O processo de se tornarem pais de bebê pré-termo faz com que o homem e a mulher se deparem com diferentes transformações que os incitam a somarem responsabilidades e compromissos, levando muitas vezes à fadiga corporal e mental, frente às múltiplas, intensas e complexas demandas para cuidar do filho, além de todas as alterações hormonais que a mulher está sujeita, em face da vivência puerperal. Conseguir elaborar toda função que a maternidade e a paternidade impõem, exige um grande aprendizado nas vivências diárias no contexto de uma unidade neonatal.

Confirma-se que a tarefa de tornar-se mãe e pai é constituída por diferentes fatores, dentre eles, aqueles referentes às identificações em que o homem e a mulher tentam colocar em prática os modelos parentais e os padrões culturais recebidos na infância, o emocional, e os conflitos frente ao significado de ter um bebê que requer cuidados mais específicos.10 Nos íntimos movimentos de cuidar e pesquisar pude perceber o quão conflitante e transformadora é a tarefa de ser pai e mãe de um bebê pré-termo e/ou de baixo peso e as especificidades que são exigidas para o exercício do cuidado a esses bebês. Ao associar as falas, os comportamentos e as expressões, estando bem próxima destes casais, e acompanhando o íntimo e complexo desafio de suas trajetórias diárias, percebi como é desgastante o ir e vir para assumir "pra valer" as atribuições que a situação evoca. Este contexto, aliado às alterações biopsicoemocionais do pós-parto, principalmente para a mulher, se traduz em fortes exigências que, se não forem percebidas com sabedoria e discernimento pela equipe, poderão ser uma base geradora de ansiedades redobradas na situação da prematuridade.

Categoria 6 - insegurança dos pais ao levar o filho para casa

A ansiedade e a vontade que o bebê fique bem e atinja o peso necessário para a alta hospitalar é esperada pelos pais desde o momento em que o filho nasce. Com o passar dos dias de internação este desejo aumenta e as expectativas para receberem a tão esperada notícia se concretiza. Para os casais participantes deste estudo, a prévia da alta hospitalar foi dada com aproximadamente uma semana antes do dia real, referida por eles como "liberdade". Porém, esta tal "liberdade" vinha acompanhada de sentimentos de insegurança com relação ao desempenho materno e paterno no âmbito domiciliar. Afinal, em suas casas são eles que terão que dominar todas as situações inesperadas que porventura vierem a acontecer.

Assim, não se pode negar que a notícia da alta torna-se um verdadeiro desafio para o homem e para a mulher. Afinal, foram muitos e longos dias dentro da unidade neonatal, ainda que com uma equipe neonatal qualificada durante todas as horas do dia e da noite, garantindo a sobrevivência do recém-nascido e dando suporte para os seus requerimentos mais sutis. Percebi que durante o período de internação o anseio dos pais estava mais voltado para movimentos de cuidar, se aproximarem e se afeiçoarem ao filho, sendo que pouco vislumbravam a necessidade de ter conhecimentos específicos sobre como agir mediante alguma emergência com o bebê.
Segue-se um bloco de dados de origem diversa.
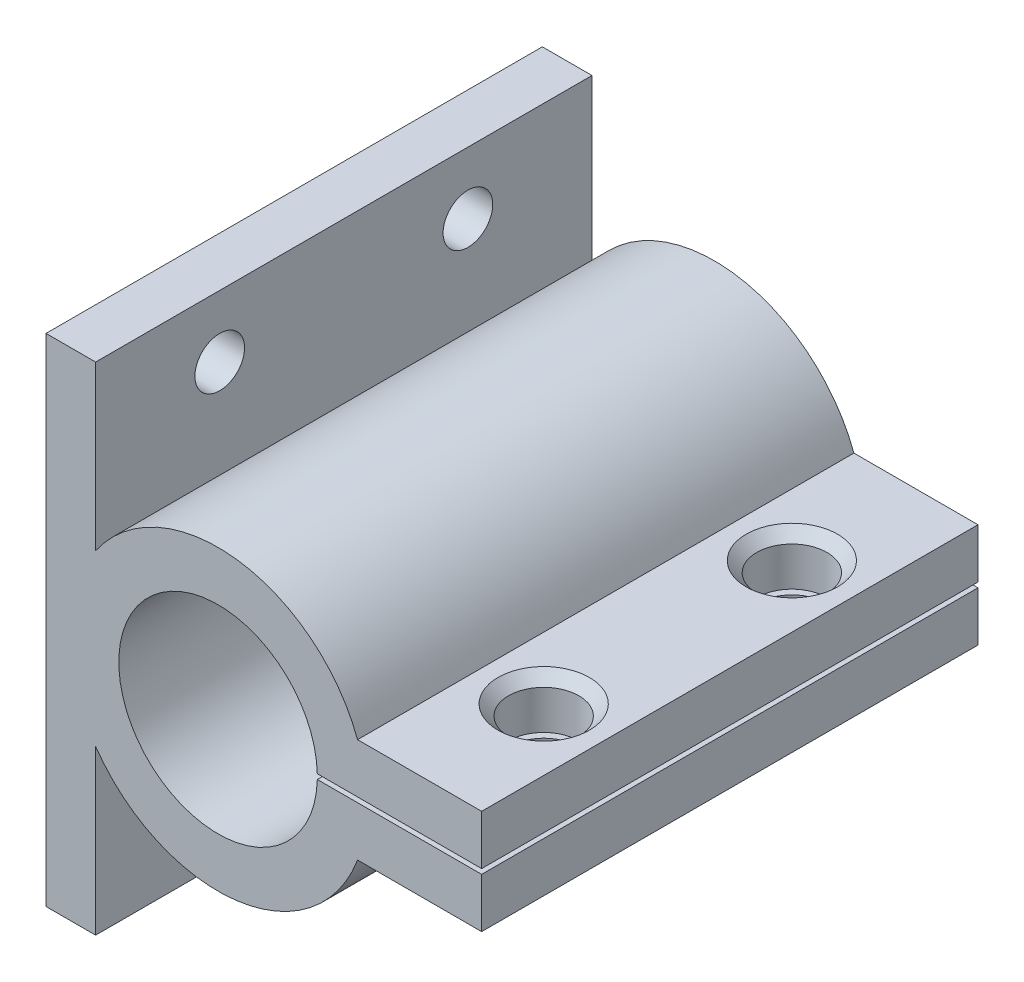
ISO-10303-21;
HEADER;
FILE_DESCRIPTION(('STEP AP214'),'2;1');
FILE_NAME('part.step','',(''),(''),'','','');
FILE_SCHEMA(('AUTOMOTIVE_DESIGN { 1 0 10303 214 1 1 1 1 }'));
ENDSEC;
DATA;
#1=APPLICATION_CONTEXT('core data for automotive mechanical design processes');
#2=APPLICATION_PROTOCOL_DEFINITION('international standard','automotive_design',2000,#1);
#3=PRODUCT_CONTEXT('',#1,'mechanical');
#4=PRODUCT('Part','Part','',(#3));
#5=PRODUCT_RELATED_PRODUCT_CATEGORY('part','',(#4));
#6=PRODUCT_DEFINITION_FORMATION('','',#4);
#7=PRODUCT_DEFINITION_CONTEXT('part definition',#1,'design');
#8=PRODUCT_DEFINITION('design','',#6,#7);
#9=PRODUCT_DEFINITION_SHAPE('','',#8);
#10=(LENGTH_UNIT() NAMED_UNIT(*) SI_UNIT(.MILLI.,.METRE.));
#11=(NAMED_UNIT(*) PLANE_ANGLE_UNIT() SI_UNIT($,.RADIAN.));
#12=(NAMED_UNIT(*) SI_UNIT($,.STERADIAN.) SOLID_ANGLE_UNIT());
#13=UNCERTAINTY_MEASURE_WITH_UNIT(LENGTH_MEASURE(1.E-05),#10,'distance_accuracy_value','');
#14=(GEOMETRIC_REPRESENTATION_CONTEXT(3) GLOBAL_UNCERTAINTY_ASSIGNED_CONTEXT((#13)) GLOBAL_UNIT_ASSIGNED_CONTEXT((#10,
#11,#12)) REPRESENTATION_CONTEXT('',''));
#15=CARTESIAN_POINT('',(0.,0.,0.));
#16=DIRECTION('',(0.,0.,1.));
#17=DIRECTION('',(1.,0.,0.));
#18=AXIS2_PLACEMENT_3D('',#15,#16,#17);
#19=CARTESIAN_POINT('',(-13.5159969824628,2.81896498367769,60.));
#20=DIRECTION('',(0.,0.,-1.));
#21=DIRECTION('',(-1.,0.,0.));
#22=AXIS2_PLACEMENT_3D('',#19,#20,#21);
#23=CYLINDRICAL_SURFACE('',#22,18.);
#24=CARTESIAN_POINT('',(-13.5159969824628,2.81896498367769,0.));
#25=DIRECTION('',(0.,0.,1.));
#26=DIRECTION('',(1.,0.,0.));
#27=AXIS2_PLACEMENT_3D('',#24,#25,#26);
#28=CIRCLE('',#27,18.);
#29=CARTESIAN_POINT('',(-28.3169253298772,-7.42469256891088,0.));
#30=VERTEX_POINT('',#29);
#31=CARTESIAN_POINT('',(3.34549761321287,-3.48103501632231,0.));
#32=VERTEX_POINT('',#31);
#33=EDGE_CURVE('E171',#30,#32,#28,.T.);
#34=ORIENTED_EDGE('',*,*,#33,.T.);
#35=DIRECTION('',(0.,0.,-1.));
#36=VECTOR('',#35,1.);
#37=CARTESIAN_POINT('',(3.34549761321287,-3.48103501632231,60.));
#38=LINE('',#37,#36);
#39=CARTESIAN_POINT('',(3.34549761321287,-3.48103501632231,60.));
#40=VERTEX_POINT('',#39);
#41=EDGE_CURVE('E11',#40,#32,#38,.T.);
#42=ORIENTED_EDGE('',*,*,#41,.F.);
#43=CARTESIAN_POINT('',(-13.5159969824628,2.81896498367769,60.));
#44=DIRECTION('',(0.,0.,1.));
#45=DIRECTION('',(1.,0.,0.));
#46=AXIS2_PLACEMENT_3D('',#43,#44,#45);
#47=CIRCLE('',#46,18.);
#48=CARTESIAN_POINT('',(-28.3169253298772,-7.42469256891088,60.));
#49=VERTEX_POINT('',#48);
#50=EDGE_CURVE('E198',#49,#40,#47,.T.);
#51=ORIENTED_EDGE('',*,*,#50,.F.);
#52=DIRECTION('',(0.,0.,-1.));
#53=VECTOR('',#52,1.);
#54=CARTESIAN_POINT('',(-28.3169253298772,-7.42469256891088,60.));
#55=LINE('',#54,#53);
#56=EDGE_CURVE('E167',#49,#30,#55,.T.);
#57=ORIENTED_EDGE('',*,*,#56,.T.);
#58=EDGE_LOOP('',(#34,#42,#51,#57));
#59=FACE_BOUND('',#58,.T.);
#60=ADVANCED_FACE('F37',(#59),#23,.T.);
#61=CARTESIAN_POINT('',(3.34549761321287,-3.48103501632231,60.));
#62=DIRECTION('',(0.,1.,0.));
#63=DIRECTION('',(0.,0.,1.));
#64=AXIS2_PLACEMENT_3D('',#61,#62,#63);
#65=PLANE('',#64);
#66=CARTESIAN_POINT('',(10.8454976132129,-3.48103501632231,15.));
#67=DIRECTION('',(0.,1.,0.));
#68=DIRECTION('',(0.,0.,1.));
#69=AXIS2_PLACEMENT_3D('',#66,#67,#68);
#70=CIRCLE('',#69,4.25);
#71=CARTESIAN_POINT('',(10.8454976132129,-3.48103501632231,19.25));
#72=VERTEX_POINT('',#71);
#73=EDGE_CURVE('E424',#72,#72,#70,.T.);
#74=ORIENTED_EDGE('',*,*,#73,.T.);
#75=EDGE_LOOP('',(#74));
#76=FACE_BOUND('',#75,.T.);
#77=CARTESIAN_POINT('',(10.8454976132129,-3.48103501632231,45.));
#78=DIRECTION('',(0.,1.,0.));
#79=DIRECTION('',(0.,0.,1.));
#80=AXIS2_PLACEMENT_3D('',#77,#78,#79);
#81=CIRCLE('',#80,4.25);
#82=CARTESIAN_POINT('',(10.8454976132129,-3.48103501632231,49.25));
#83=VERTEX_POINT('',#82);
#84=EDGE_CURVE('E234',#83,#83,#81,.T.);
#85=ORIENTED_EDGE('',*,*,#84,.T.);
#86=EDGE_LOOP('',(#85));
#87=FACE_BOUND('',#86,.T.);
#88=DIRECTION('',(1.,0.,0.));
#89=VECTOR('',#88,1.);
#90=CARTESIAN_POINT('',(3.34549761321287,-3.48103501632231,0.));
#91=LINE('',#90,#89);
#92=CARTESIAN_POINT('',(18.3454976132128,-3.48103501632231,0.));
#93=VERTEX_POINT('',#92);
#94=EDGE_CURVE('E174',#32,#93,#91,.T.);
#95=ORIENTED_EDGE('',*,*,#94,.T.);
#96=DIRECTION('',(0.,0.,-1.));
#97=VECTOR('',#96,1.);
#98=CARTESIAN_POINT('',(18.3454976132128,-3.48103501632231,60.));
#99=LINE('',#98,#97);
#100=CARTESIAN_POINT('',(18.3454976132128,-3.48103501632231,60.));
#101=VERTEX_POINT('',#100);
#102=EDGE_CURVE('E46',#101,#93,#99,.T.);
#103=ORIENTED_EDGE('',*,*,#102,.F.);
#104=DIRECTION('',(1.,0.,0.));
#105=VECTOR('',#104,1.);
#106=CARTESIAN_POINT('',(3.34549761321287,-3.48103501632231,60.));
#107=LINE('',#106,#105);
#108=EDGE_CURVE('E116',#40,#101,#107,.T.);
#109=ORIENTED_EDGE('',*,*,#108,.F.);
#110=ORIENTED_EDGE('',*,*,#41,.T.);
#111=EDGE_LOOP('',(#95,#103,#109,#110));
#112=FACE_BOUND('',#111,.T.);
#113=ADVANCED_FACE('F318',(#76,#87,#112),#65,.F.);
#114=CARTESIAN_POINT('',(18.3454976132128,-3.48103501632231,60.));
#115=DIRECTION('',(-1.,0.,0.));
#116=DIRECTION('',(0.,-1.,0.));
#117=AXIS2_PLACEMENT_3D('',#114,#115,#116);
#118=PLANE('',#117);
#119=DIRECTION('',(0.,1.,0.));
#120=VECTOR('',#119,1.);
#121=CARTESIAN_POINT('',(18.3454976132128,-3.48103501632231,0.));
#122=LINE('',#121,#120);
#123=CARTESIAN_POINT('',(18.3454976132129,2.5189649836777,0.));
#124=VERTEX_POINT('',#123);
#125=EDGE_CURVE('E177',#93,#124,#122,.T.);
#126=ORIENTED_EDGE('',*,*,#125,.T.);
#127=DIRECTION('',(0.,0.,-1.));
#128=VECTOR('',#127,1.);
#129=CARTESIAN_POINT('',(18.3454976132129,2.5189649836777,60.));
#130=LINE('',#129,#128);
#131=CARTESIAN_POINT('',(18.3454976132129,2.5189649836777,60.));
#132=VERTEX_POINT('',#131);
#133=EDGE_CURVE('E223',#132,#124,#130,.T.);
#134=ORIENTED_EDGE('',*,*,#133,.F.);
#135=DIRECTION('',(0.,1.,0.));
#136=VECTOR('',#135,1.);
#137=CARTESIAN_POINT('',(18.3454976132128,-3.48103501632231,60.));
#138=LINE('',#137,#136);
#139=EDGE_CURVE('E273',#101,#132,#138,.T.);
#140=ORIENTED_EDGE('',*,*,#139,.F.);
#141=ORIENTED_EDGE('',*,*,#102,.T.);
#142=EDGE_LOOP('',(#126,#134,#140,#141));
#143=FACE_BOUND('',#142,.T.);
#144=ADVANCED_FACE('F322',(#143),#118,.F.);
#145=CARTESIAN_POINT('',(18.3454976132129,2.5189649836777,60.));
#146=DIRECTION('',(0.,-1.,0.));
#147=DIRECTION('',(1.,0.,0.));
#148=AXIS2_PLACEMENT_3D('',#145,#146,#147);
#149=PLANE('',#148);
#150=CARTESIAN_POINT('',(10.8454976132129,2.51896498367769,15.));
#151=DIRECTION('',(0.,-1.,0.));
#152=DIRECTION('',(1.,0.,0.));
#153=AXIS2_PLACEMENT_3D('',#150,#151,#152);
#154=CIRCLE('',#153,4.25);
#155=CARTESIAN_POINT('',(15.0954976132129,2.51896498367769,15.));
#156=VERTEX_POINT('',#155);
#157=EDGE_CURVE('E40',#156,#156,#154,.T.);
#158=ORIENTED_EDGE('',*,*,#157,.T.);
#159=EDGE_LOOP('',(#158));
#160=FACE_BOUND('',#159,.T.);
#161=CARTESIAN_POINT('',(10.8454976132129,2.51896498367769,45.));
#162=DIRECTION('',(0.,-1.,0.));
#163=DIRECTION('',(1.,0.,0.));
#164=AXIS2_PLACEMENT_3D('',#161,#162,#163);
#165=CIRCLE('',#164,4.25);
#166=CARTESIAN_POINT('',(15.0954976132129,2.51896498367769,45.));
#167=VERTEX_POINT('',#166);
#168=EDGE_CURVE('E229',#167,#167,#165,.T.);
#169=ORIENTED_EDGE('',*,*,#168,.T.);
#170=EDGE_LOOP('',(#169));
#171=FACE_BOUND('',#170,.T.);
#172=DIRECTION('',(-1.,0.,0.));
#173=VECTOR('',#172,1.);
#174=CARTESIAN_POINT('',(18.3454976132129,2.5189649836777,0.));
#175=LINE('',#174,#173);
#176=CARTESIAN_POINT('',(-1.51974756858349,2.51896498367769,0.));
#177=VERTEX_POINT('',#176);
#178=EDGE_CURVE('E179',#124,#177,#175,.T.);
#179=ORIENTED_EDGE('',*,*,#178,.T.);
#180=DIRECTION('',(0.,0.,-1.));
#181=VECTOR('',#180,1.);
#182=CARTESIAN_POINT('',(-1.51974756858349,2.51896498367769,60.));
#183=LINE('',#182,#181);
#184=CARTESIAN_POINT('',(-1.51974756858349,2.51896498367769,60.));
#185=VERTEX_POINT('',#184);
#186=EDGE_CURVE('E220',#185,#177,#183,.T.);
#187=ORIENTED_EDGE('',*,*,#186,.F.);
#188=DIRECTION('',(-1.,0.,0.));
#189=VECTOR('',#188,1.);
#190=CARTESIAN_POINT('',(18.3454976132129,2.5189649836777,60.));
#191=LINE('',#190,#189);
#192=EDGE_CURVE('E275',#132,#185,#191,.T.);
#193=ORIENTED_EDGE('',*,*,#192,.F.);
#194=ORIENTED_EDGE('',*,*,#133,.T.);
#195=EDGE_LOOP('',(#179,#187,#193,#194));
#196=FACE_BOUND('',#195,.T.);
#197=ADVANCED_FACE('F327',(#160,#171,#196),#149,.F.);
#198=CARTESIAN_POINT('',(-13.5159969824628,2.81896498367769,60.));
#199=DIRECTION('',(0.,0.,-1.));
#200=DIRECTION('',(-1.,0.,0.));
#201=AXIS2_PLACEMENT_3D('',#198,#199,#200);
#202=CYLINDRICAL_SURFACE('',#201,12.);
#203=CARTESIAN_POINT('',(-13.5159969824628,2.81896498367769,0.));
#204=DIRECTION('',(0.,0.,-1.));
#205=DIRECTION('',(1.,0.,0.));
#206=AXIS2_PLACEMENT_3D('',#203,#204,#205);
#207=CIRCLE('',#206,12.);
#208=CARTESIAN_POINT('',(-1.51974756858349,3.11896498367769,0.));
#209=VERTEX_POINT('',#208);
#210=EDGE_CURVE('E181',#177,#209,#207,.T.);
#211=ORIENTED_EDGE('',*,*,#210,.T.);
#212=DIRECTION('',(0.,0.,-1.));
#213=VECTOR('',#212,1.);
#214=CARTESIAN_POINT('',(-1.51974756858349,3.11896498367769,60.));
#215=LINE('',#214,#213);
#216=CARTESIAN_POINT('',(-1.51974756858349,3.11896498367769,60.));
#217=VERTEX_POINT('',#216);
#218=EDGE_CURVE('E217',#217,#209,#215,.T.);
#219=ORIENTED_EDGE('',*,*,#218,.F.);
#220=CARTESIAN_POINT('',(-13.5159969824628,2.81896498367769,60.));
#221=DIRECTION('',(0.,0.,-1.));
#222=DIRECTION('',(1.,0.,0.));
#223=AXIS2_PLACEMENT_3D('',#220,#221,#222);
#224=CIRCLE('',#223,12.);
#225=EDGE_CURVE('E277',#185,#217,#224,.T.);
#226=ORIENTED_EDGE('',*,*,#225,.F.);
#227=ORIENTED_EDGE('',*,*,#186,.T.);
#228=EDGE_LOOP('',(#211,#219,#226,#227));
#229=FACE_BOUND('',#228,.T.);
#230=ADVANCED_FACE('F335',(#229),#202,.F.);
#231=CARTESIAN_POINT('',(18.3454976132129,3.11896498367769,60.));
#232=DIRECTION('',(0.,1.,0.));
#233=DIRECTION('',(-1.,0.,0.));
#234=AXIS2_PLACEMENT_3D('',#231,#232,#233);
#235=PLANE('',#234);
#236=CARTESIAN_POINT('',(10.8454976132129,3.11896498367769,15.));
#237=DIRECTION('',(0.,1.,0.));
#238=DIRECTION('',(-1.,0.,0.));
#239=AXIS2_PLACEMENT_3D('',#236,#237,#238);
#240=CIRCLE('',#239,4.25);
#241=CARTESIAN_POINT('',(6.59549761321287,3.11896498367769,15.));
#242=VERTEX_POINT('',#241);
#243=EDGE_CURVE('E242',#242,#242,#240,.T.);
#244=ORIENTED_EDGE('',*,*,#243,.T.);
#245=EDGE_LOOP('',(#244));
#246=FACE_BOUND('',#245,.T.);
#247=CARTESIAN_POINT('',(10.8454976132129,3.11896498367769,45.));
#248=DIRECTION('',(0.,1.,0.));
#249=DIRECTION('',(-1.,0.,0.));
#250=AXIS2_PLACEMENT_3D('',#247,#248,#249);
#251=CIRCLE('',#250,4.25);
#252=CARTESIAN_POINT('',(6.59549761321287,3.11896498367769,45.));
#253=VERTEX_POINT('',#252);
#254=EDGE_CURVE('E227',#253,#253,#251,.T.);
#255=ORIENTED_EDGE('',*,*,#254,.T.);
#256=EDGE_LOOP('',(#255));
#257=FACE_BOUND('',#256,.T.);
#258=DIRECTION('',(1.,0.,0.));
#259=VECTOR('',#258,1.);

Esta perspectiva aparecia somente mais tarde e, quase sempre, imersa nos sentimentos ambíguos de felicidade e ansiedade diante da realidade do "ir para casa". A literatura tem abordado atualmente que "é normal" que os pais sintam tais preocupações, mas precisam ser informados de que o apoio a eles e ao filho não ficará limitado às paredes hospitalares.1-2

O acompanhamento e o desenvolvimento do bebê em nível ambulatorial são assegurados pela própria instituição, lembrando que todos os bebês que são ingressos no MMC recebem alta precoce, realizando a terceira etapa do Método no domicílio, ou seja, recebem alta do ambiente neonatal, mas não do acompanhamento mensal, até que atinjam o peso de 2.500 gramas. O importante desta última fase do MMC é que os pais assumam a essência do cuidado ao filho, que se estimule a continuação do aleitamento materno exclusivo e se continue fortalecendo o vínculo familiar.11-12

Assim, após tanto preparo, seguido de muitas expectativas, é chegada a hora de irem para suas casas. Este momento é saudado pelos casais com muita felicidade, euforia e pressa para arrumarem o quanto antes suas bagagens e poderem finalmente se "despedir" da equipe, de outros casais e da unidade, deixando para trás uma etapa dolorosa de suas vidas, mas que certamente atribuiu outros valores à experiência de ser pai e de ser mãe.

CONSIDERAÇÕES FINAIS

Dentre os achados nesta pesquisa, relativos aos aspectos promotores e complicadores da formação do apego, ficaram destacadas as percepções dos pais a respeito da aproximação precoce com o filho nascido pré-termo e/ou de baixo peso durante a prática do MMC, denotando como é dificultosa e complexa essa aproximação. Durante a fase de duração da hospitalização coexistem muitos conflitos e sentimentos ambíguos, desde culpa e medo, até esperança pela sobrevivência de seus bebês, além de todos os comportamentos imaturos que o neonato apresenta e que muitas vezes não são esperados ou bem compreendidos pelos pais.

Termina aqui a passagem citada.